[proofplan] We prove first the forward statement, from $a$ to $b$. For a fixed Sobolev order $s$, local Sobolev propagation for real-principal-type operators moves microlocal $H^s$ regularity a short positive time along the Hamilton flow, provided $Pu$ has the required shifted Sobolev regularity nearby. Since $\gamma([a,b])$ is compact and disjoint from $WF(Pu)$, that source regularity is available uniformly on a finite ordered chain of local flow boxes covering the segment. Iterating the local propagation step gives microlocal $H^s$ regularity at every point of the segment; since $s$ is arbitrary, this is microlocal smoothness. The backward statement follows by applying the same local theorem to the reversed Hamilton direction. [/proofplan]
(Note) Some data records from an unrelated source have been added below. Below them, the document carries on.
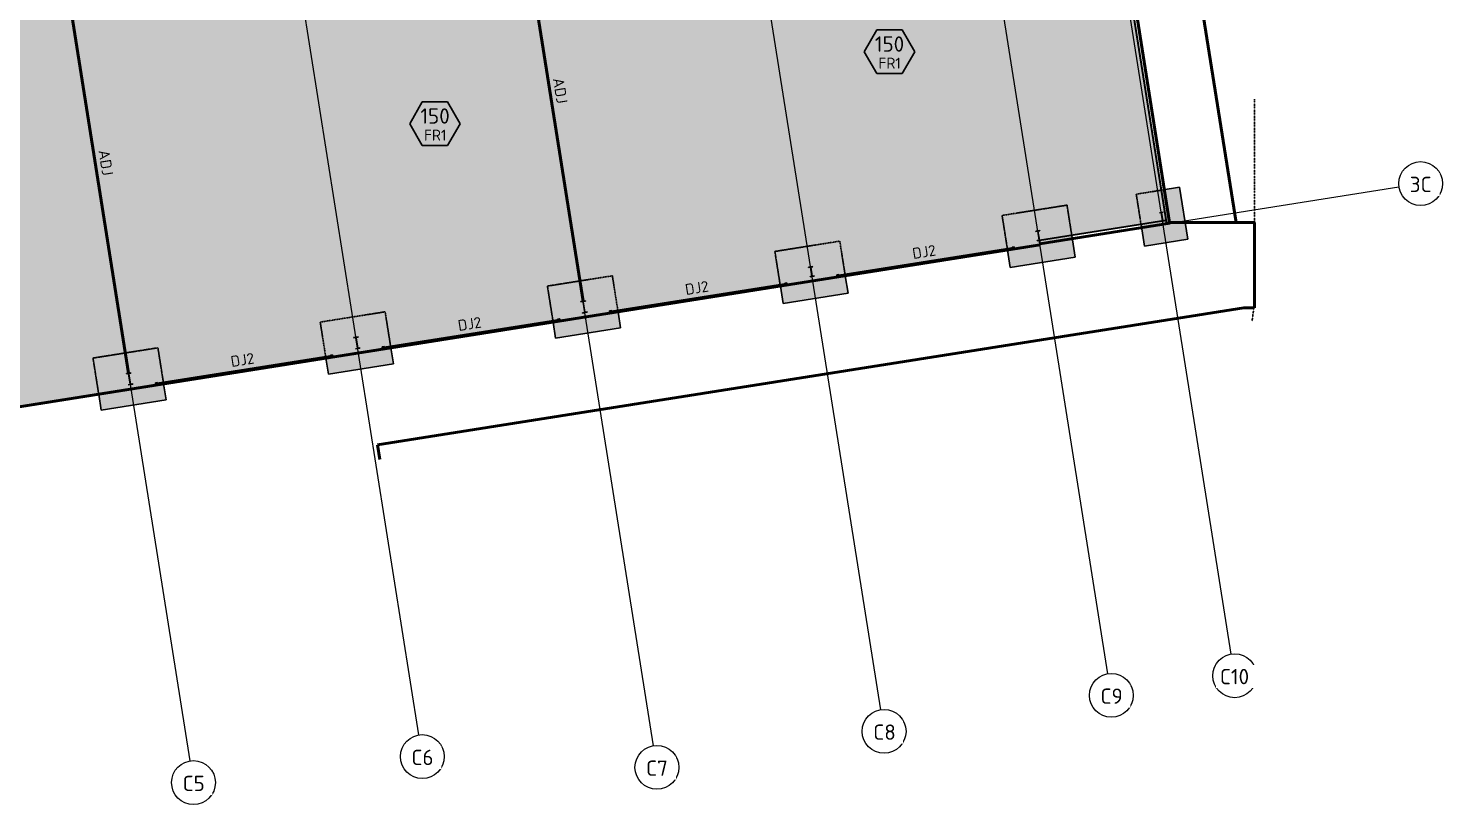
# Model space of a CAD drawing. Header units: millimetres. Extents: x -2336549 to -2208351, y -3762 to 4063401.
# Drawn here: x -2282939 to -2218251, y 3986439 to 4021995 of the extents above; entities that cross this region are included whole.
import ezdxf

# ---------------------------------------------------------------- set-up
doc = ezdxf.new("R2010")
doc.units = ezdxf.units.MM
for name, pattern in [('Boundary', [16, 5, -2, 5, -2, 0, -2]), ('Dash', [7, 5, -2]), ('Hidden Half', [3, 2, -1])]:
    doc.linetypes.add(name, pattern=pattern)
for name, color, linetype, lineweight in [('A-060-M_DETAIL', 3, 'Continuous', 25), ('A-200-M_WALL_EXT', 113, 'Continuous', 13), ('A-230-H-FLOOR', 190, 'Continuous', 13), ('A-230-M_FLOOR', 192, 'Continuous', 13), ('C-910-M_SITE_BOUND', 91, 'Boundary', 25), ('S-160-M_FOUND', 171, 'Continuous', 13), ('S-160-MH_FOUND', 171, 'Hidden Half', 13), ('S-230-A-FLOOR', 171, 'Continuous', 18), ('S-280-M_COLUMN', 52, 'Continuous', 13), ('S-280-MH_COLUMN', 52, 'Hidden Half', 13), ('Z-030-M_GRID', 191, 'Continuous', 13), ('Z-033_T_GRIDREF', 31, 'Continuous', 13), ('Z-060-M_DETAIL', 92, 'Continuous', 25)]:
    doc.layers.add(name, color=color, linetype=linetype, lineweight=lineweight)
doc.styles.add('ISOCPEUR', font='isocpeur.ttf', dxfattribs={"height": 700})
doc.styles.add('ISOCPEUR_1', font='isocpeur.ttf', dxfattribs={"height": 500})

# ---------------------------------------------------------------- blocks, each defined once
blk = doc.blocks.new('NRP_Column-Steel-SHS - M433 - 100x100x5_0SHS-4136156-S1_001 - INTERNAL SLAB ON GROUND PLAN - PART 3')
at = {"layer": 'S-280-M_COLUMN', "lineweight": 25}
for p, q in [((50, 50), (-50, 50)), ((-50, 50), (-50, -50)), ((-45, -45), (-45, 45)), ((-45, 45), (45, 45)), ((45, 45), (45, -45)), ((50, -50), (50, 50)), ((-50, -50), (50, -50)), ((45, -45), (-45, -45))]:
    blk.add_line(p, q, dxfattribs=at)
blk = doc.blocks.new('NRP_Column-Steel-UB - SC122 - 460UB74_6-4245416-S1_001 - INTERNAL SLAB ON GROUND PLAN - PART 3')
at = {"layer": 'S-280-M_COLUMN', "lineweight": 25}
for p, q in [((95, 457.4), (-95, 457.4)), ((-95, 457.4), (-95, 442.9)), ((-95, 442.9), (-15.95, 442.9)), ((-15.95, 14.5), (-95, 14.5)), ((-95, 14.5), (-95, 0)), ((-95, 0), (95, 0)), ((-4.55, 431.5), (-4.55, 25.9)), ((4.55, 25.9), (4.55, 431.5)), ((15.95, 442.9), (95, 442.9)), ((95, 14.5), (15.95, 14.5)), ((95, 442.9), (95, 457.4)), ((95, 0), (95, 14.5))]:
    blk.add_line(p, q, dxfattribs=at)
for centre, start, end in [((-15.95, 431.5), 0, 90), ((-15.95, 25.9), 270, 0), ((15.95, 431.5), 90, 180), ((15.95, 25.9), 180, 270)]:
    blk.add_arc(centre, 11.4, start, end, dxfattribs=at)
at = {"layer": 'S-280-MH_COLUMN', "lineweight": 25}
for centre, start, end in [((-15.95, 431.5), 0, 90), ((-15.95, 25.9), 270, 0), ((15.95, 431.5), 90, 180), ((15.95, 25.9), 180, 270)]:
    blk.add_arc(centre, 11.4, start, end, dxfattribs=at)
blk = doc.blocks.new('NRP_Column-Steel-UB - SC122 - 460UB74_6-V15-S1_001 - INTERNAL SLAB ON GROUND PLAN - PART 3')
at = {"layer": 'S-280-M_COLUMN', "lineweight": 25}
for p, q in [((95, 457.4), (-95, 457.4)), ((-95, 457.4), (-95, 442.9)), ((-95, 442.9), (-15.95, 442.9)), ((-15.95, 14.5), (-95, 14.5)), ((-95, 14.5), (-95, 0)), ((-95, 0), (95, 0)), ((-4.55, 431.5), (-4.55, 25.9)), ((4.55, 25.9), (4.55, 431.5)), ((15.95, 442.9), (95, 442.9)), ((95, 14.5), (15.95, 14.5)), ((95, 442.9), (95, 457.4)), ((95, 0), (95, 14.5))]:
    blk.add_line(p, q, dxfattribs=at)
for centre, start, end in [((-15.95, 431.5), 0, 90), ((-15.95, 25.9), 270, 0), ((15.95, 431.5), 90, 180), ((15.95, 25.9), 180, 270)]:
    blk.add_arc(centre, 11.4, start, end, dxfattribs=at)
at = {"layer": 'S-280-MH_COLUMN', "lineweight": 25}
for centre, start, end in [((-15.95, 431.5), 0, 90), ((-15.95, 25.9), 270, 0), ((15.95, 431.5), 90, 180), ((15.95, 25.9), 180, 270)]:
    blk.add_arc(centre, 11.4, start, end, dxfattribs=at)
blk = doc.blocks.new('NRP_Column-Steel-UB - SC124 - 530UB82_0-V17-S1_001 - INTERNAL SLAB ON GROUND PLAN - PART 3')
at = {"layer": 'S-280-M_COLUMN', "lineweight": 25}
for p, q in [((104.5, 528.2), (-104.5, 528.2)), ((-104.5, 528.2), (-104.5, 515)), ((-104.5, 515), (-18.8, 515)), ((-18.8, 13.2), (-104.5, 13.2)), ((-104.5, 13.2), (-104.5, 0)), ((-104.5, 0), (104.5, 0)), ((-4.8, 501), (-4.8, 27.2)), ((4.8, 27.2), (4.8, 501)), ((18.8, 515), (104.5, 515)), ((104.5, 13.2), (18.8, 13.2)), ((104.5, 515), (104.5, 528.2)), ((104.5, 0), (104.5, 13.2))]:
    blk.add_line(p, q, dxfattribs=at)
for centre, start, end in [((-18.8, 501), 0, 90), ((-18.8, 27.2), 270, 0), ((18.8, 501), 90, 180), ((18.8, 27.2), 180, 270)]:
    blk.add_arc(centre, 14, start, end, dxfattribs=at)
at = {"layer": 'S-280-MH_COLUMN', "lineweight": 25}
for centre, start, end in [((-18.8, 501), 0, 90), ((-18.8, 27.2), 270, 0), ((18.8, 501), 90, 180), ((18.8, 27.2), 180, 270)]:
    blk.add_arc(centre, 14, start, end, dxfattribs=at)
blk = doc.blocks.new('NRP_Column-Steel-UB - SC119 - 410UB53_7-4245417-S1_001 - INTERNAL SLAB ON GROUND PLAN - PART 3')
at = {"layer": 'S-280-M_COLUMN', "lineweight": 25}
for p, q in [((89, 402.6), (-89, 402.6)), ((-89, 402.6), (-89, 391.7)), ((-89, 391.7), (-15.2, 391.7)), ((-15.2, 10.9), (-89, 10.9)), ((-89, 10.9), (-89, 0)), ((-89, 0), (89, 0)), ((-3.8, 380.3), (-3.8, 22.3)), ((3.8, 22.3), (3.8, 380.3)), ((15.2, 391.7), (89, 391.7)), ((89, 10.9), (15.2, 10.9)), ((89, 391.7), (89, 402.6)), ((89, 0), (89, 10.9))]:
    blk.add_line(p, q, dxfattribs=at)
for centre, start, end in [((-15.2, 380.3), 0, 90), ((-15.2, 22.3), 270, 0), ((15.2, 380.3), 90, 180), ((15.2, 22.3), 180, 270)]:
    blk.add_arc(centre, 11.4, start, end, dxfattribs=at)
at = {"layer": 'S-280-MH_COLUMN', "lineweight": 25}
for centre, start, end in [((-15.2, 380.3), 0, 90), ((-15.2, 22.3), 270, 0), ((15.2, 380.3), 90, 180), ((15.2, 22.3), 180, 270)]:
    blk.add_arc(centre, 11.4, start, end, dxfattribs=at)
blk = doc.blocks.new('NRP_Foundation-Pad Footing Fibre _v2_ - PF2 -2400 x 2000 x 600d-3893007-S1_001 - INTERNAL SLAB ON GROUND PLAN - PART 3')
at = {"layer": 'S-160-M_FOUND', "linetype": 'Dash', "lineweight": 25}
blk.add_hatch(color=10, dxfattribs=at).paths.add_polyline_path([(-1150, 650), (-1150, -1350), (1250, -1350), (1250, -500), (-151, -500), (-151, 650), (-896, 650)])
at = {"layer": 'S-160-M_FOUND', "color": 9, "lineweight": 25}
for p, q in [((-151, 650), (-1150, 650)), ((-1150, 650), (-1150, -1350)), ((1250, -1350), (1250, -500)), ((-1150, -1350), (1250, -1350))]:
    blk.add_line(p, q, dxfattribs=at)
at = {"layer": 'S-160-MH_FOUND', "color": 9, "linetype": 'Dash', "lineweight": 25}
for p, q in [((1250, 650), (-151, 650)), ((1250, -500), (1250, 650))]:
    blk.add_line(p, q, dxfattribs=at)
blk = doc.blocks.new('Family - ___-3870354-S1_001 - INTERNAL SLAB ON GROUND PLAN - PART 3')
at = {"layer": 'C-910-M_SITE_BOUND'}
for q in [(-2226983, 4018760), (-2227088, 4008633)]:
    blk.add_line((-2226983, 4009382), q, dxfattribs=at)
blk = doc.blocks.new('NRP_Joint Location _v2_ - DJ2 - DOWELLED JOINT-4232258-S1_001 - INTERNAL SLAB ON GROUND PLAN - PART 3')
at = {"layer": 'Z-060-M_DETAIL', "lineweight": 50}
blk.add_line((0, 0), (8000, 0), dxfattribs=at)
blk = doc.blocks.new('NRP_Joint Location _v2_ - ADJ - ARMOURED DOWEL JOINT-4235092-S1_001 - INTERNAL SLAB ON GROUND PLAN - PART 3')
at = {"layer": 'Z-060-M_DETAIL', "lineweight": 50}
blk.add_line((0, 0), (19322, 0), dxfattribs=at)
blk = doc.blocks.new('Grid - NRP_Grid-Head-320187-S1_001 - INTERNAL SLAB ON GROUND PLAN - PART 3')
at = {"layer": 'Z-033_T_GRIDREF'}
blk.add_circle((0, 0), 5, dxfattribs=at)
blk = doc.blocks.new('NRP_Slab Tag _v2_ - Thickness with Description-1497716-S1_001 - INTERNAL SLAB ON GROUND PLAN - PART 3')
at = {"layer": 'S-230-A-FLOOR', "lineweight": 25}
for p, q in [((-2.88, 4.99), (-5.76, -0.01)), ((2.9, 4.99), (-2.88, 4.99)), ((5.78, -0.01), (2.9, 4.99)), ((-5.76, -0.01), (-2.88, -5.01)), ((2.9, -5.01), (5.78, -0.01)), ((-2.88, -5.01), (2.9, -5.01))]:
    blk.add_line(p, q, dxfattribs=at)

msp = doc.modelspace()

# ---------------------------------------------------------------- hatches: boundary and pattern name
at = {"layer": 'A-230-H-FLOOR'}
msp.add_hatch(color=10, dxfattribs=at).paths.add_polyline_path([(-2319761, 3999169), (-2309296, 4000826), (-2309265, 4000629), (-2236764, 4012112), (-2236795, 4012310), (-2231017, 4013225), (-2237228, 4052436), (-2277568, 4046046), (-2277592, 4046195), (-2282530, 4045412), (-2282507, 4045264), (-2309615, 4040970), (-2309639, 4041119), (-2314577, 4040336), (-2314554, 4040188), (-2314807, 4040148), (-2314017, 4035160), (-2321934, 4033906), (-2321634, 4032010), (-2324881, 4031496), (-2320023, 4000826)])
at = {"layer": 'S-160-M_FOUND'}
for points in [[(-2238120, 4011089), (-2235157, 4011558), (-2235314, 4012544), (-2236795, 4012310), (-2236764, 4012112), (-2238245, 4011877)], [(-2248491, 4009446), (-2245528, 4009915), (-2245653, 4010704), (-2248616, 4010235)], [(-2258872, 4007865), (-2255909, 4008335), (-2256024, 4009061), (-2258987, 4008592)], [(-2269242, 4006223), (-2266279, 4006692), (-2266394, 4007419), (-2269358, 4006950)], [(-2279613, 4004580), (-2276650, 4005049), (-2276765, 4005776), (-2279728, 4005307)]]:
    msp.add_hatch(color=10, dxfattribs=at).paths.add_polyline_path(points)

# ---------------------------------------------------------------- linework, layer by layer
at = {"layer": 'A-200-M_WALL_EXT', "lineweight": 35}
for p, q in [((-2232558, 4022953), (-2230994, 4013077)), ((-2230846, 4013100), (-2232410, 4022977)), ((-2231017, 4013225), (-2236795, 4012310)), ((-2230994, 4013077), (-2230846, 4013100)), ((-2236795, 4012310), (-2236772, 4012161))]:
    msp.add_line(p, q, dxfattribs=at)
at = {"layer": 'A-230-M_FLOOR', "lineweight": 50}
for p, q in [((-2227815, 4013144), (-2230568, 4030525)), ((-2233531, 4030055), (-2230852, 4013144)), ((-2236772, 4012161), (-2230846, 4013100)), ((-2230852, 4013144), (-2226983, 4013144)), ((-2230846, 4013100), (-2230852, 4013144)), ((-2226983, 4013144), (-2226983, 4009250)), ((-2236764, 4012112), (-2309265, 4000629)), ((-2236764, 4012112), (-2236772, 4012161)), ((-2227466, 4009250), (-2267009, 4002987)), ((-2226983, 4009250), (-2227466, 4009250)), ((-2267009, 4002987), (-2266904, 4002326))]:
    msp.add_line(p, q, dxfattribs=at)
at = {"layer": 'S-160-M_FOUND', "color": 9, "lineweight": 25}
for p, q in [((-2235157, 4011558), (-2235314, 4012544)), ((-2238245, 4011877), (-2238120, 4011089)), ((-2238120, 4011089), (-2235157, 4011558)), ((-2245528, 4009915), (-2245653, 4010704)), ((-2248616, 4010235), (-2248491, 4009446)), ((-2248491, 4009446), (-2245528, 4009915)), ((-2255909, 4008335), (-2256024, 4009061)), ((-2258987, 4008592), (-2258872, 4007865)), ((-2258872, 4007865), (-2255909, 4008335)), ((-2269358, 4006950), (-2269242, 4006223)), ((-2266279, 4006692), (-2266394, 4007419)), ((-2269242, 4006223), (-2266279, 4006692)), ((-2276650, 4005049), (-2276765, 4005776)), ((-2279728, 4005307), (-2279613, 4004580)), ((-2279613, 4004580), (-2276650, 4005049))]:
    msp.add_line(p, q, dxfattribs=at)
at = {"layer": 'S-160-MH_FOUND', "color": 9, "linetype": 'Dash', "lineweight": 25}
for p, q in [((-2235533, 4013928), (-2238496, 4013459)), ((-2238496, 4013459), (-2238245, 4011877)), ((-2235314, 4012544), (-2235533, 4013928)), ((-2245904, 4012286), (-2248867, 4011816)), ((-2245653, 4010704), (-2245904, 4012286)), ((-2248867, 4011816), (-2248616, 4010235)), ((-2256284, 4010705), (-2259247, 4010236)), ((-2256024, 4009062), (-2256284, 4010705)), ((-2259247, 4010236), (-2258987, 4008592)), ((-2266655, 4009062), (-2269618, 4008593)), ((-2266394, 4007419), (-2266655, 4009062)), ((-2269618, 4008593), (-2269358, 4006950)), ((-2277026, 4007420), (-2279989, 4006951)), ((-2279989, 4006951), (-2279728, 4005307)), ((-2276765, 4005776), (-2277026, 4007420))]:
    msp.add_line(p, q, dxfattribs=at)
at = {"layer": 'Z-030-M_GRID'}
for p, q in [((-2275559, 3988571), (-2287386, 4063240)), ((-2265116, 3989757), (-2276780, 4063401)), ((-2254407, 3989266), (-2266149, 4063401)), ((-2244036, 3990908), (-2255518, 4063401)), ((-2233666, 3992551), (-2244888, 4063401)), ((-2228036, 3993443), (-2239116, 4063401))]:
    msp.add_line(p, q, dxfattribs=at)

# ---------------------------------------------------------------- block references
at = {"layer": 'C-910-M_SITE_BOUND'}
msp.add_blockref('Family - ___-3870354-S1_001 - INTERNAL SLAB ON GROUND PLAN - PART 3', (0, 0), dxfattribs=at)
at = {"layer": 'S-160-MH_FOUND', "color": 9, "linetype": 'Dash', "lineweight": 25, "rotation": 99.00032838814495}
msp.add_blockref('NRP_Foundation-Pad Footing Fibre _v2_ - PF2 -2400 x 2000 x 600d-3893007-S1_001 - INTERNAL SLAB ON GROUND PLAN - PART 3', (-2231535, 4013296), dxfattribs=at)
at = {"layer": 'S-230-A-FLOOR', "lineweight": 25, "xscale": 199.9999999999999, "yscale": 199.9999999999999, "zscale": 199.9999999999999}
for p in [(-2243641, 4020932), (-2264383, 4017647)]:
    msp.add_blockref('NRP_Slab Tag _v2_ - Thickness with Description-1497716-S1_001 - INTERNAL SLAB ON GROUND PLAN - PART 3', p, dxfattribs=at)
at = {"layer": 'S-280-M_COLUMN', "lineweight": 25, "rotation": 9.000328388147217}
for p in [(-2237986, 4011969), (-2245986, 4010702), (-2248356, 4010327), (-2256357, 4009059), (-2258727, 4008684), (-2266727, 4007417), (-2269098, 4007041), (-2277086, 4005776)]:
    msp.add_blockref('NRP_Column-Steel-SHS - M433 - 100x100x5_0SHS-4136156-S1_001 - INTERNAL SLAB ON GROUND PLAN - PART 3', p, dxfattribs=at)
at = {"layer": 'S-280-MH_COLUMN', "lineweight": 25, "rotation": 9.000328388147217}
for name, p in [('NRP_Column-Steel-UB - SC119 - 410UB53_7-4245417-S1_001 - INTERNAL SLAB ON GROUND PLAN - PART 3', (-2231165, 4013201)), ('NRP_Column-Steel-UB - SC122 - 460UB74_6-4245416-S1_001 - INTERNAL SLAB ON GROUND PLAN - PART 3', (-2236795, 4012310)), ('NRP_Column-Steel-UB - SC122 - 460UB74_6-V15-S1_001 - INTERNAL SLAB ON GROUND PLAN - PART 3', (-2247166, 4010667)), ('NRP_Column-Steel-UB - SC124 - 530UB82_0-V17-S1_001 - INTERNAL SLAB ON GROUND PLAN - PART 3', (-2257537, 4009024)), ('NRP_Column-Steel-UB - SC124 - 530UB82_0-V17-S1_001 - INTERNAL SLAB ON GROUND PLAN - PART 3', (-2267907, 4007382)), ('NRP_Column-Steel-UB - SC124 - 530UB82_0-V17-S1_001 - INTERNAL SLAB ON GROUND PLAN - PART 3', (-2278278, 4005739))]:
    msp.add_blockref(name, p, dxfattribs=at)
at = {"layer": 'Z-033_T_GRIDREF', "xscale": 199.9999999999999, "yscale": 199.9999999999999, "zscale": 199.9999999999999}
for p, rotation in [((-2219395, 4014914), 279.0003283881446), ((-2227879, 3992455), 9.000328388145428), ((-2233509, 3991563), 9.000328388145714), ((-2243880, 3989921), 9.00032838814547), ((-2264959, 3988770), 9.000328388146162), ((-2254251, 3988278), 9.000328388145308), ((-2275402, 3987584), 9.000328388145512)]:
    msp.add_blockref('Grid - NRP_Grid-Head-320187-S1_001 - INTERNAL SLAB ON GROUND PLAN - PART 3', p, dxfattribs=dict(at, rotation=rotation))
at = {"layer": 'Z-060-M_DETAIL', "lineweight": 50}
for name, p, rotation in [('NRP_Joint Location _v2_ - ADJ - ARMOURED DOWEL JOINT-4235092-S1_001 - INTERNAL SLAB ON GROUND PLAN - PART 3', (-2257619, 4009546), 99.00032838814516), ('NRP_Joint Location _v2_ - ADJ - ARMOURED DOWEL JOINT-4235092-S1_001 - INTERNAL SLAB ON GROUND PLAN - PART 3', (-2278361, 4006261), 99.00032838814516), ('NRP_Joint Location _v2_ - DJ2 - DOWELLED JOINT-4232258-S1_001 - INTERNAL SLAB ON GROUND PLAN - PART 3', (-2245936, 4010705), 9.000328388223785), ('NRP_Joint Location _v2_ - DJ2 - DOWELLED JOINT-4232258-S1_001 - INTERNAL SLAB ON GROUND PLAN - PART 3', (-2256306, 4009062), 9.000328388223785), ('NRP_Joint Location _v2_ - DJ2 - DOWELLED JOINT-4232258-S1_001 - INTERNAL SLAB ON GROUND PLAN - PART 3', (-2266677, 4007420), 9.000328388223785), ('NRP_Joint Location _v2_ - DJ2 - DOWELLED JOINT-4232258-S1_001 - INTERNAL SLAB ON GROUND PLAN - PART 3', (-2277048, 4005777), 9.000328388223785)]:
    msp.add_blockref(name, p, dxfattribs=dict(at, rotation=rotation))

# ---------------------------------------------------------------- texts
at = {"layer": 'A-060-M_DETAIL', "lineweight": 13, "char_height": 500, "attachment_point": 1, "style": 'ISOCPEUR_1'}
for s, insert, width, rotation in [('ADJ', (-2258508, 4019776), 1394.94, 279.00033), ('ADJ', (-2279249, 4016491), 1394.94, 279.00033), ('DJ2', (-2242627, 4011961), 1282.7, 9.00033), ('DJ2', (-2252998, 4010318), 1282.7, 9.00033), ('DJ2', (-2263369, 4008675), 1282.7, 9.00033), ('DJ2', (-2273739, 4007033), 1282.7, 9.00033)]:
    msp.add_mtext(s, dxfattribs=dict(at, insert=insert, width=width, rotation=rotation))
at = {"layer": 'S-230-A-FLOOR', "lineweight": 13, "attachment_point": 1}
for s, insert, char_height, width, style in [('150', (-2244304, 4021630), 700, 1619.41, 'ISOCPEUR'), ('FR1', (-2244138, 4020657), 500, 1218.56, 'ISOCPEUR_1'), ('150', (-2265046, 4018345), 700, 1619.41, 'ISOCPEUR'), ('FR1', (-2264880, 4017371), 500, 1218.56, 'ISOCPEUR_1')]:
    msp.add_mtext(s, dxfattribs=dict(at, insert=insert, char_height=char_height, width=width, style=style))

# ---------------------------------------------------------------- next in the draw order: texts
at = {"layer": 'Z-033_T_GRIDREF', "char_height": 700, "attachment_point": 1, "style": 'ISOCPEUR', "bg_fill": 3, "box_fill_scale": 1.25, "bg_fill_color": 256, "bg_fill_true_color": 13158600, "bg_fill_transparency": 0}
for s, insert, width in [('3C', (-2219888, 4015224), 1186.5), ('C10', (-2228555, 3992767), 1619.41), ('C9', (-2234006, 3991875), 1186.5), ('C8', (-2244377, 3990233), 1186.5), ('C6', (-2265456, 3989082), 1186.5), ('C7', (-2254747, 3988590), 1186.5), ('C5', (-2275899, 3987896), 1186.5)]:
    msp.add_mtext(s, dxfattribs=dict(at, insert=insert, width=width))

# ---------------------------------------------------------------- next in the draw order: linework, layer by layer
at = {"layer": 'Z-030-M_GRID'}
msp.add_line((-2319734, 3999021), (-2220383, 4014757), dxfattribs=at)

doc.saveas('drawing.dxf')

[step:Translate microlocal smoothness into arbitrary Sobolev regularity] Fix $s \in \mathbb{R}$. Let $H^s_{\mathrm{mic}}(u)$ denote the subset of $T^*X \setminus 0$ at which $u$ is microlocally in $H^s$. Thus $q \in H^s_{\mathrm{mic}}(u)$ means that there exists an [elliptic operator](/page/Elliptic%20Operator) $A \in \Psi_{\mathrm{cl}}^0(X)$ at $q$ such that $Au \in H^s_{\mathrm{loc}}(X)$. Similarly, $q \in H^r_{\mathrm{mic}}(Pu)$ means that $Pu$ is microlocally in $H^r$ at $q$. The assumption $\gamma([a,b]) \cap WF(Pu)=\varnothing$ means that for every $r \in \mathbb{R}$ and every $t \in [a,b]$, the point $\gamma(t)$ belongs to $H^r_{\mathrm{mic}}(Pu)$. In particular, for the fixed order $s$, every point of $\gamma([a,b])$ belongs to $H^{s-m+1}_{\mathrm{mic}}(Pu)$. The assumption $\gamma(a) \notin WF(u)$ means that $\gamma(a) \in H^s_{\mathrm{mic}}(u)$ for every $s \in \mathbb{R}$, and hence for the fixed $s$ chosen above. [/step]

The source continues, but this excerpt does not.